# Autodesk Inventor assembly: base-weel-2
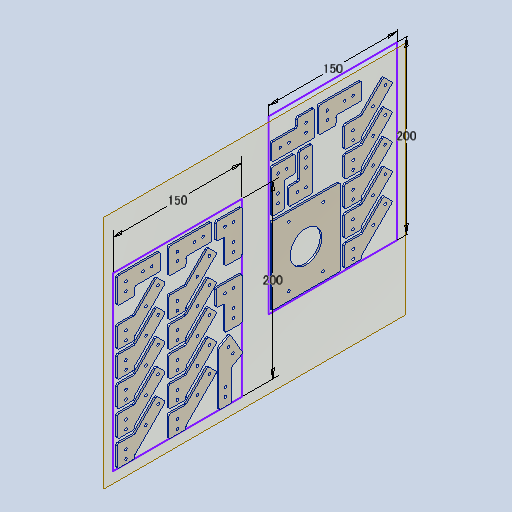
[picture p0: Inventor's stored thumbnail of the model, 512x512]
Saved by Autodesk Inventor 2025.2 (Build 292293000, 293)
## iProperties
Created: 2025-01-14
Part Number: base-weel-2
Document SubType Name: Assembly
Designer: haruy
Author: haruy
## Documents named in this file (6)
- C:\Users\haruy\Documents\ロボコン\NHK2025\cad\cnc\base-weel-2.iam
- C:\Users\haruy\Documents\ロボコン\NHK2025\cad\nagahisa\base_weel\base_weel-v2-Plate-3.ipt
- C:\Users\haruy\Documents\ロボコン\NHK2025\cad\nagahisa\base_weel\base_weel-v2-Plate-4.ipt
- C:\Users\haruy\Documents\ロボコン\NHK2025\cad\nagahisa\base_weel\base_weel-v2-Plate-1.ipt
- C:\Users\haruy\Documents\ロボコン\NHK2025\cad\nagahisa\base_weel\base_weel-v2-Plate-8.ipt
- C:\Users\haruy\Documents\ロボコン\NHK2025\cad\nagahisa\belt_liner\belt_liner_v2_Plate_20.ipt
## Components (25 placed, 5 different names)
1. base_weel-v2-Plate-1:1 — フラッシュ:9, フラッシュ:21, メイト:2, メイト:3, フラッシュ:24
2. base_weel-v2-Plate-8:1 — フラッシュ:22, フラッシュ:23, メイト:4
3. base_weel-v2-Plate-8:4 — フラッシュ:13, フラッシュ:23, メイト:3, フラッシュ:24, メイト:4, フラッシュ:28, メイト:5
4. belt_liner_v2_Plate_20:2 — フラッシュ:15, フラッシュ:17
5. base_weel-v2-Plate-4:3 — フラッシュ:18, 角度:1, フラッシュ:19, フラッシュ:20
6. base_weel-v2-Plate-4:4 — フラッシュ:19, フラッシュ:20
7. base_weel-v2-Plate-4:5 — フラッシュ:25, メイト:6, フラッシュ:29
8. base_weel-v2-Plate-4:6 — フラッシュ:27, フラッシュ:28, メイト:5, メイト:6, フラッシュ:29
9. base_weel-v2-Plate-3:1 — フラッシュ:1, フラッシュ:3, メイト:1
10. base_weel-v2-Plate-3:7 — フラッシュ:17
11. base_weel-v2-Plate-4:1 — フラッシュ:7, フラッシュ:8
12. base_weel-v2-Plate-4:2 — 角度:1
13. base_weel-v2-Plate-3:17 — フラッシュ:4, フラッシュ:21, メイト:2
14. base_weel-v2-Plate-3:18
15. base_weel-v2-Plate-3:19
16. base_weel-v2-Plate-3:20
17. base_weel-v2-Plate-3:21
18. base_weel-v2-Plate-3:2 — フラッシュ:2, フラッシュ:3, メイト:1
19. base_weel-v2-Plate-3:4
20. base_weel-v2-Plate-3:5
21. base_weel-v2-Plate-3:6 — フラッシュ:8
22. base_weel-v2-Plate-3:8
23. base_weel-v2-Plate-3:9
24. base_weel-v2-Plate-3:10
25. base_weel-v2-Plate-3:11
## Component patterns: (3 elements, first: base_weel-v2-Plate-3:1), (4 elements, first: base_weel-v2-Plate-4:1), (5 elements, first: base_weel-v2-Plate-3:17), (4 elements, first: base_weel-v2-Plate-3:2), コンポーネント パターン 1:2 (4 elements)
## Relationships (28: Flush 21, Mate 6, Angle 1)
- フラッシュ:1 [Flush]: base_weel-v2-Plate-3:1
- フラッシュ:2 [Flush]: base_weel-v2-Plate-3:2
- フラッシュ:3 [Flush]: base_weel-v2-Plate-3:1 ↔ base_weel-v2-Plate-3:2
- メイト:1 [Mate] (5 mm): base_weel-v2-Plate-3:1 ↔ base_weel-v2-Plate-3:2
- フラッシュ:4 [Flush]: base_weel-v2-Plate-3:17
- フラッシュ:7 [Flush]: base_weel-v2-Plate-4:1
- フラッシュ:8 [Flush]: base_weel-v2-Plate-4:1 ↔ base_weel-v2-Plate-3:6
- フラッシュ:9 [Flush]: base_weel-v2-Plate-1:1
- フラッシュ:13 [Flush]: base_weel-v2-Plate-8:4
- フラッシュ:15 [Flush]: belt_liner_v2_Plate_20:2
- フラッシュ:17 [Flush]: belt_liner_v2_Plate_20:2 ↔ base_weel-v2-Plate-3:7
- フラッシュ:18 [Flush]: base_weel-v2-Plate-4:3
- 角度:1 [Angle] (0 deg): base_weel-v2-Plate-4:3 ↔ base_weel-v2-Plate-4:2
- フラッシュ:19 [Flush]: base_weel-v2-Plate-4:3 ↔ base_weel-v2-Plate-4:4
- フラッシュ:20 [Flush]: base_weel-v2-Plate-4:3 ↔ base_weel-v2-Plate-4:4
- フラッシュ:21 [Flush]: base_weel-v2-Plate-1:1 ↔ base_weel-v2-Plate-3:17
- メイト:2 [Mate] (5 mm): base_weel-v2-Plate-1:1 ↔ base_weel-v2-Plate-3:17
- フラッシュ:22 [Flush]: base_weel-v2-Plate-8:1
- フラッシュ:23 [Flush]: base_weel-v2-Plate-8:1 ↔ base_weel-v2-Plate-8:4
- メイト:3 [Mate] (5 mm): base_weel-v2-Plate-1:1 ↔ base_weel-v2-Plate-8:4
- フラッシュ:24 [Flush]: base_weel-v2-Plate-1:1 ↔ base_weel-v2-Plate-8:4
- メイト:4 [Mate] (5 mm): base_weel-v2-Plate-8:1 ↔ base_weel-v2-Plate-8:4
- フラッシュ:25 [Flush]: base_weel-v2-Plate-4:5
- フラッシュ:27 [Flush]: base_weel-v2-Plate-4:6
- フラッシュ:28 [Flush]: base_weel-v2-Plate-8:4 ↔ base_weel-v2-Plate-4:6
- メイト:5 [Mate] (5 mm): base_weel-v2-Plate-8:4 ↔ base_weel-v2-Plate-4:6
- メイト:6 [Mate] (5 mm): base_weel-v2-Plate-4:5 ↔ base_weel-v2-Plate-4:6
- フラッシュ:29 [Flush]: base_weel-v2-Plate-4:5 ↔ base_weel-v2-Plate-4:6

Aim of the exercise: From the records above, give again exactly the lines running from the line with "- フラッシュ:20 [Flush]: base_weel-v2-Plate-4:3" to the line with "- フラッシュ:23 [Flush]: base_weel-v2-Plate-8:1", inclusive.

Response:
- フラッシュ:20 [Flush]: base_weel-v2-Plate-4:3 ↔ base_weel-v2-Plate-4:4
- フラッシュ:21 [Flush]: base_weel-v2-Plate-1:1 ↔ base_weel-v2-Plate-3:17
- メイト:2 [Mate] (5 mm): base_weel-v2-Plate-1:1 ↔ base_weel-v2-Plate-3:17
- フラッシュ:22 [Flush]: base_weel-v2-Plate-8:1
- フラッシュ:23 [Flush]: base_weel-v2-Plate-8:1 ↔ base_weel-v2-Plate-8:4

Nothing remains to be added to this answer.